__Problem to work on__. Copy out the entries below exactly as they stand, but only from the line containing "#5=PRODUCT_RELATED_PRODUCT_CATEGORY('part','',(#4));" through the line containing "#48=EDGE_CURVE('E273',#39,#47,#45,.T.);".

[Collected data]
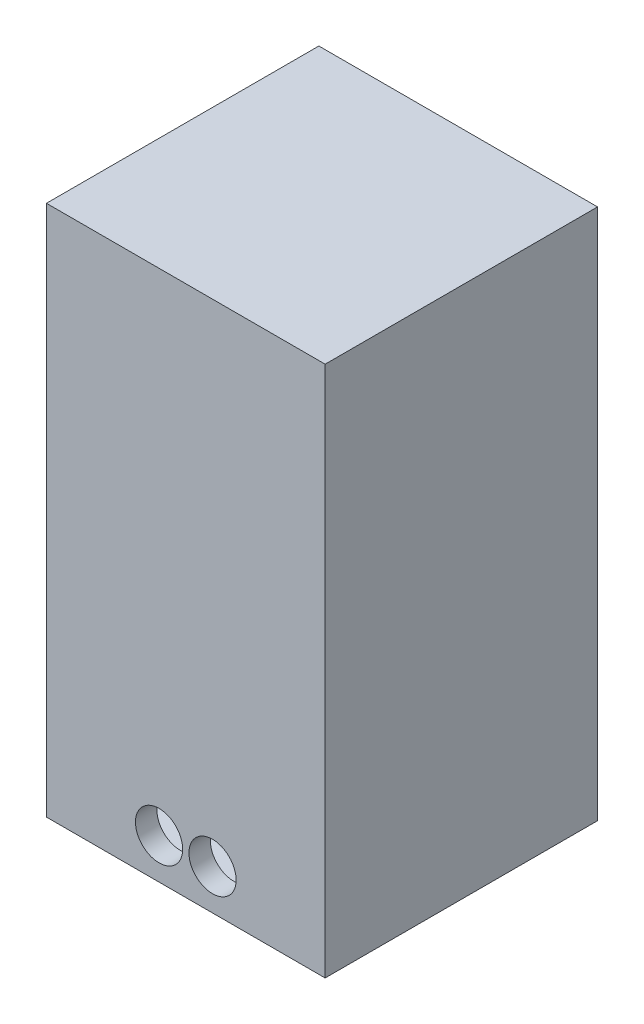
ISO-10303-21;
HEADER;
FILE_DESCRIPTION(('STEP AP214'),'2;1');
FILE_NAME('part.step','',(''),(''),'','','');
FILE_SCHEMA(('AUTOMOTIVE_DESIGN { 1 0 10303 214 1 1 1 1 }'));
ENDSEC;
DATA;
#1=APPLICATION_CONTEXT('core data for automotive mechanical design processes');
#2=APPLICATION_PROTOCOL_DEFINITION('international standard','automotive_design',2000,#1);
#3=PRODUCT_CONTEXT('',#1,'mechanical');
#4=PRODUCT('Part','Part','',(#3));
#5=PRODUCT_RELATED_PRODUCT_CATEGORY('part','',(#4));
#6=PRODUCT_DEFINITION_FORMATION('','',#4);
#7=PRODUCT_DEFINITION_CONTEXT('part definition',#1,'design');
#8=PRODUCT_DEFINITION('design','',#6,#7);
#9=PRODUCT_DEFINITION_SHAPE('','',#8);
#10=(LENGTH_UNIT() NAMED_UNIT(*) SI_UNIT(.MILLI.,.METRE.));
#11=(NAMED_UNIT(*) PLANE_ANGLE_UNIT() SI_UNIT($,.RADIAN.));
#12=(NAMED_UNIT(*) SI_UNIT($,.STERADIAN.) SOLID_ANGLE_UNIT());
#13=UNCERTAINTY_MEASURE_WITH_UNIT(LENGTH_MEASURE(1.E-05),#10,'distance_accuracy_value','');
#14=(GEOMETRIC_REPRESENTATION_CONTEXT(3) GLOBAL_UNCERTAINTY_ASSIGNED_CONTEXT((#13)) GLOBAL_UNIT_ASSIGNED_CONTEXT((#10,
#11,#12)) REPRESENTATION_CONTEXT('',''));
#15=CARTESIAN_POINT('',(0.,0.,0.));
#16=DIRECTION('',(0.,0.,1.));
#17=DIRECTION('',(1.,0.,0.));
#18=AXIS2_PLACEMENT_3D('',#15,#16,#17);
#19=CARTESIAN_POINT('',(0.,0.,433.));
#20=DIRECTION('',(0.,0.,1.));
#21=DIRECTION('',(1.,0.,0.));
#22=AXIS2_PLACEMENT_3D('',#19,#20,#21);
#23=PLANE('',#22);
#24=DIRECTION('',(-1.,0.,0.));
#25=VECTOR('',#24,1.);
#26=CARTESIAN_POINT('',(443.,1672.,433.));
#27=LINE('',#26,#25);
#28=CARTESIAN_POINT('',(443.,1672.,433.));
#29=VERTEX_POINT('',#28);
#30=CARTESIAN_POINT('',(-443.,1672.,433.));
#31=VERTEX_POINT('',#30);
#32=EDGE_CURVE('E249',#29,#31,#27,.T.);
#33=ORIENTED_EDGE('',*,*,#32,.T.);
#34=DIRECTION('',(0.,-1.,0.));
#35=VECTOR('',#34,1.);
#36=CARTESIAN_POINT('',(-443.,1672.,433.));
#37=LINE('',#36,#35);
#38=CARTESIAN_POINT('',(-443.,-18.,433.));
#39=VERTEX_POINT('',#38);
#40=EDGE_CURVE('E275',#31,#39,#37,.T.);
#41=ORIENTED_EDGE('',*,*,#40,.T.);
#42=DIRECTION('',(1.,0.,0.));
#43=VECTOR('',#42,1.);
#44=CARTESIAN_POINT('',(-443.,-18.,433.));
#45=LINE('',#44,#43);
#46=CARTESIAN_POINT('',(443.,-18.,433.));
#47=VERTEX_POINT('',#46);
#48=EDGE_CURVE('E273',#39,#47,#45,.T.);
#49=ORIENTED_EDGE('',*,*,#48,.T.);
#50=DIRECTION('',(0.,1.,0.));
#51=VECTOR('',#50,1.);
#52=CARTESIAN_POINT('',(443.,-18.,433.));
#53=LINE('',#52,#51);
#54=EDGE_CURVE('E259',#47,#29,#53,.T.);
#55=ORIENTED_EDGE('',*,*,#54,.T.);
#56=EDGE_LOOP('',(#33,#41,#49,#55));
#57=FACE_BOUND('',#56,.T.);
#58=CARTESIAN_POINT('',(-85.,110.,433.));
#59=DIRECTION('',(0.,0.,-1.));
#60=DIRECTION('',(-1.,0.,0.));
#61=AXIS2_PLACEMENT_3D('',#58,#59,#60);
#62=CIRCLE('',#61,75.);
#63=CARTESIAN_POINT('',(-160.,110.,433.));
#64=VERTEX_POINT('',#63);
#65=EDGE_CURVE('E427',#64,#64,#62,.T.);
#66=ORIENTED_EDGE('',*,*,#65,.T.);
#67=EDGE_LOOP('',(#66));
#68=FACE_BOUND('',#67,.T.);
#69=CARTESIAN_POINT('',(85.,110.,433.));
#70=DIRECTION('',(0.,0.,-1.));
#71=DIRECTION('',(-1.,0.,0.));
#72=AXIS2_PLACEMENT_3D('',#69,#70,#71);
#73=CIRCLE('',#72,75.);
#74=CARTESIAN_POINT('',(9.99999999999998,110.,433.));
#75=VERTEX_POINT('',#74);
#76=EDGE_CURVE('E417',#75,#75,#73,.T.);
#77=ORIENTED_EDGE('',*,*,#76,.T.);
#78=EDGE_LOOP('',(#77));
#79=FACE_BOUND('',#78,.T.);
#80=ADVANCED_FACE('F39',(#57,#68,#79),#23,.T.);
#81=CARTESIAN_POINT('',(425.,1647.,-415.));
#82=DIRECTION('',(0.,0.,-1.));
#83=DIRECTION('',(0.,1.,0.));
#84=AXIS2_PLACEMENT_3D('',#81,#82,#83);
#85=PLANE('',#84);
#86=DIRECTION('',(1.,0.,0.));
#87=VECTOR('',#86,1.);
#88=CARTESIAN_POINT('',(425.,1630.,-415.));
#89=LINE('',#88,#87);
#90=CARTESIAN_POINT('',(-285.,1630.,-415.));
#91=VERTEX_POINT('',#90);
#92=CARTESIAN_POINT('',(285.,1630.,-415.));
#93=VERTEX_POINT('',#92);
#94=EDGE_CURVE('E50',#91,#93,#89,.T.);
#95=ORIENTED_EDGE('',*,*,#94,.T.);
#96=CARTESIAN_POINT('',(285.,1615.,-415.));
#97=DIRECTION('',(0.,0.,-1.));
#98=DIRECTION('',(0.,1.,0.));
#99=AXIS2_PLACEMENT_3D('',#96,#97,#98);
#100=CIRCLE('',#99,15.0000000000001);
#101=CARTESIAN_POINT('',(300.,1615.,-415.));
#102=VERTEX_POINT('',#101);
#103=EDGE_CURVE('E11',#93,#102,#100,.T.);
#104=ORIENTED_EDGE('',*,*,#103,.T.);
#105=DIRECTION('',(0.,-1.,0.));
#106=VECTOR('',#105,1.);
#107=CARTESIAN_POINT('',(300.,1647.,-415.));
#108=LINE('',#107,#106);
#109=CARTESIAN_POINT('',(300.,1605.,-415.));
#110=VERTEX_POINT('',#109);
#111=EDGE_CURVE('E285',#102,#110,#108,.T.);
#112=ORIENTED_EDGE('',*,*,#111,.T.);
#113=CARTESIAN_POINT('',(285.,1605.,-415.));
#114=DIRECTION('',(0.,0.,-1.));
#115=DIRECTION('',(0.,1.,0.));
#116=AXIS2_PLACEMENT_3D('',#113,#114,#115);
#117=CIRCLE('',#116,14.9999999999997);
#118=CARTESIAN_POINT('',(285.,1590.,-415.));
#119=VERTEX_POINT('',#118);
#120=EDGE_CURVE('E287',#110,#119,#117,.T.);
#121=ORIENTED_EDGE('',*,*,#120,.T.);
#122=DIRECTION('',(-1.,0.,0.));
#123=VECTOR('',#122,1.);
#124=CARTESIAN_POINT('',(425.,1590.,-415.));
#125=LINE('',#124,#123);
#126=CARTESIAN_POINT('',(-285.,1590.,-415.));
#127=VERTEX_POINT('',#126);
#128=EDGE_CURVE('E291',#119,#127,#125,.T.);
#129=ORIENTED_EDGE('',*,*,#128,.T.);
#130=CARTESIAN_POINT('',(-285.,1605.,-415.));
#131=DIRECTION('',(0.,0.,-1.));
#132=DIRECTION('',(0.,1.,0.));
#133=AXIS2_PLACEMENT_3D('',#130,#131,#132);
#134=CIRCLE('',#133,14.9999999999997);
#135=CARTESIAN_POINT('',(-300.,1605.,-415.));
#136=VERTEX_POINT('',#135);
#137=EDGE_CURVE('E298',#127,#136,#134,.T.);
#138=ORIENTED_EDGE('',*,*,#137,.T.);
#139=DIRECTION('',(0.,1.,0.));
#140=VECTOR('',#139,1.);
#141=CARTESIAN_POINT('',(-299.999999999999,1647.,-415.));
#142=LINE('',#141,#140);
#143=CARTESIAN_POINT('',(-300.,1615.,-415.));
#144=VERTEX_POINT('',#143);
#145=EDGE_CURVE('E299',#136,#144,#142,.T.);
#146=ORIENTED_EDGE('',*,*,#145,.T.);
#147=CARTESIAN_POINT('',(-285.,1615.,-415.));
#148=DIRECTION('',(0.,0.,-1.));
#149=DIRECTION('',(0.,1.,0.));
#150=AXIS2_PLACEMENT_3D('',#147,#148,#149);
#151=CIRCLE('',#150,15.);
#152=EDGE_CURVE('E305',#144,#91,#151,.T.);
#153=ORIENTED_EDGE('',*,*,#152,.T.);
#154=EDGE_LOOP('',(#95,#104,#112,#121,#129,#138,#146,#153));
#155=FACE_BOUND('',#154,.T.);
#156=DIRECTION('',(0.,-1.,0.));
#157=VECTOR('',#156,1.);
#158=CARTESIAN_POINT('',(-425.,1647.,-415.));
#159=LINE('',#158,#157);
#160=CARTESIAN_POINT('',(-425.,1647.,-415.));
#161=VERTEX_POINT('',#160);
#162=CARTESIAN_POINT('',(-425.,6.9999999999999,-415.));
#163=VERTEX_POINT('',#162);
#164=EDGE_CURVE('E208',#161,#163,#159,.T.);
#165=ORIENTED_EDGE('',*,*,#164,.T.);
#166=DIRECTION('',(-1.,0.,0.));
#167=VECTOR('',#166,1.);
#168=CARTESIAN_POINT('',(425.,6.9999999999999,-415.));
#169=LINE('',#168,#167);
#170=CARTESIAN_POINT('',(425.,6.9999999999999,-415.));
#171=VERTEX_POINT('',#170);
#172=EDGE_CURVE('E240',#171,#163,#169,.T.);
#173=ORIENTED_EDGE('',*,*,#172,.F.);
#174=DIRECTION('',(0.,-1.,0.));
#175=VECTOR('',#174,1.);
#176=CARTESIAN_POINT('',(425.,1647.,-415.));
#177=LINE('',#176,#175);
#178=CARTESIAN_POINT('',(425.,1647.,-415.));
#179=VERTEX_POINT('',#178);
#180=EDGE_CURVE('E224',#179,#171,#177,.T.);
#181=ORIENTED_EDGE('',*,*,#180,.F.);
#182=DIRECTION('',(-1.,0.,0.));
#183=VECTOR('',#182,1.);
#184=CARTESIAN_POINT('',(425.,1647.,-415.));
#185=LINE('',#184,#183);
#186=EDGE_CURVE('E247',#179,#161,#185,.T.);
#187=ORIENTED_EDGE('',*,*,#186,.T.);
#188=EDGE_LOOP('',(#165,#173,#181,#187));
#189=FACE_BOUND('',#188,.T.);
#190=ADVANCED_FACE('F306',(#155,#189),#85,.F.);
#191=CARTESIAN_POINT('',(425.,1647.,415.));
#192=DIRECTION('',(0.,1.,0.));
#193=DIRECTION('',(0.,0.,1.));
#194=AXIS2_PLACEMENT_3D('',#191,#192,#193);
#195=PLANE('',#194);
#196=DIRECTION('',(0.,0.,-1.));
#197=VECTOR('',#196,1.);
#198=CARTESIAN_POINT('',(-425.,1647.,415.));
#199=LINE('',#198,#197);
#200=CARTESIAN_POINT('',(-425.,1647.,415.));
#201=VERTEX_POINT('',#200);
#202=EDGE_CURVE('E226',#201,#161,#199,.T.);
#203=ORIENTED_EDGE('',*,*,#202,.T.);
#204=ORIENTED_EDGE('',*,*,#186,.F.);
#205=DIRECTION('',(0.,0.,-1.));
#206=VECTOR('',#205,1.);
#207=CARTESIAN_POINT('',(425.,1647.,415.));
#208=LINE('',#207,#206);
#209=CARTESIAN_POINT('',(425.,1647.,415.));
#210=VERTEX_POINT('',#209);
#211=EDGE_CURVE('E234',#210,#179,#208,.T.);
#212=ORIENTED_EDGE('',*,*,#211,.F.);
#213=DIRECTION('',(-1.,0.,0.));
#214=VECTOR('',#213,1.);
#215=CARTESIAN_POINT('',(425.,1647.,415.));
#216=LINE('',#215,#214);
#217=EDGE_CURVE('E252',#210,#201,#216,.T.);
#218=ORIENTED_EDGE('',*,*,#217,.T.);
#219=EDGE_LOOP('',(#203,#204,#212,#218));
#220=FACE_BOUND('',#219,.T.);
#221=ADVANCED_FACE('F346',(#220),#195,.F.);
#222=CARTESIAN_POINT('',(425.,6.9999999999999,415.));
#223=DIRECTION('',(0.,0.,1.));
#224=DIRECTION('',(0.,-1.,0.));
#225=AXIS2_PLACEMENT_3D('',#222,#223,#224);
#226=PLANE('',#225);
#227=CARTESIAN_POINT('',(-85.,110.,415.));
#228=DIRECTION('',(0.,0.,-1.));
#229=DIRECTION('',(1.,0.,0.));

__Task solution__.
#5=PRODUCT_RELATED_PRODUCT_CATEGORY('part','',(#4));
#6=PRODUCT_DEFINITION_FORMATION('','',#4);
#7=PRODUCT_DEFINITION_CONTEXT('part definition',#1,'design');
#8=PRODUCT_DEFINITION('design','',#6,#7);
#9=PRODUCT_DEFINITION_SHAPE('','',#8);
#10=(LENGTH_UNIT() NAMED_UNIT(*) SI_UNIT(.MILLI.,.METRE.));
#11=(NAMED_UNIT(*) PLANE_ANGLE_UNIT() SI_UNIT($,.RADIAN.));
#12=(NAMED_UNIT(*) SI_UNIT($,.STERADIAN.) SOLID_ANGLE_UNIT());
#13=UNCERTAINTY_MEASURE_WITH_UNIT(LENGTH_MEASURE(1.E-05),#10,'distance_accuracy_value','');
#14=(GEOMETRIC_REPRESENTATION_CONTEXT(3) GLOBAL_UNCERTAINTY_ASSIGNED_CONTEXT((#13)) GLOBAL_UNIT_ASSIGNED_CONTEXT((#10,
#11,#12)) REPRESENTATION_CONTEXT('',''));
#15=CARTESIAN_POINT('',(0.,0.,0.));
#16=DIRECTION('',(0.,0.,1.));
#17=DIRECTION('',(1.,0.,0.));
#18=AXIS2_PLACEMENT_3D('',#15,#16,#17);
#19=CARTESIAN_POINT('',(0.,0.,433.));
#20=DIRECTION('',(0.,0.,1.));
#21=DIRECTION('',(1.,0.,0.));
#22=AXIS2_PLACEMENT_3D('',#19,#20,#21);
#23=PLANE('',#22);
#24=DIRECTION('',(-1.,0.,0.));
#25=VECTOR('',#24,1.);
#26=CARTESIAN_POINT('',(443.,1672.,433.));
#27=LINE('',#26,#25);
#28=CARTESIAN_POINT('',(443.,1672.,433.));
#29=VERTEX_POINT('',#28);
#30=CARTESIAN_POINT('',(-443.,1672.,433.));
#31=VERTEX_POINT('',#30);
#32=EDGE_CURVE('E249',#29,#31,#27,.T.);
#33=ORIENTED_EDGE('',*,*,#32,.T.);
#34=DIRECTION('',(0.,-1.,0.));
#35=VECTOR('',#34,1.);
#36=CARTESIAN_POINT('',(-443.,1672.,433.));
#37=LINE('',#36,#35);
#38=CARTESIAN_POINT('',(-443.,-18.,433.));
#39=VERTEX_POINT('',#38);
#40=EDGE_CURVE('E275',#31,#39,#37,.T.);
#41=ORIENTED_EDGE('',*,*,#40,.T.);
#42=DIRECTION('',(1.,0.,0.));
#43=VECTOR('',#42,1.);
#44=CARTESIAN_POINT('',(-443.,-18.,433.));
#45=LINE('',#44,#43);
#46=CARTESIAN_POINT('',(443.,-18.,433.));
#47=VERTEX_POINT('',#46);
#48=EDGE_CURVE('E273',#39,#47,#45,.T.);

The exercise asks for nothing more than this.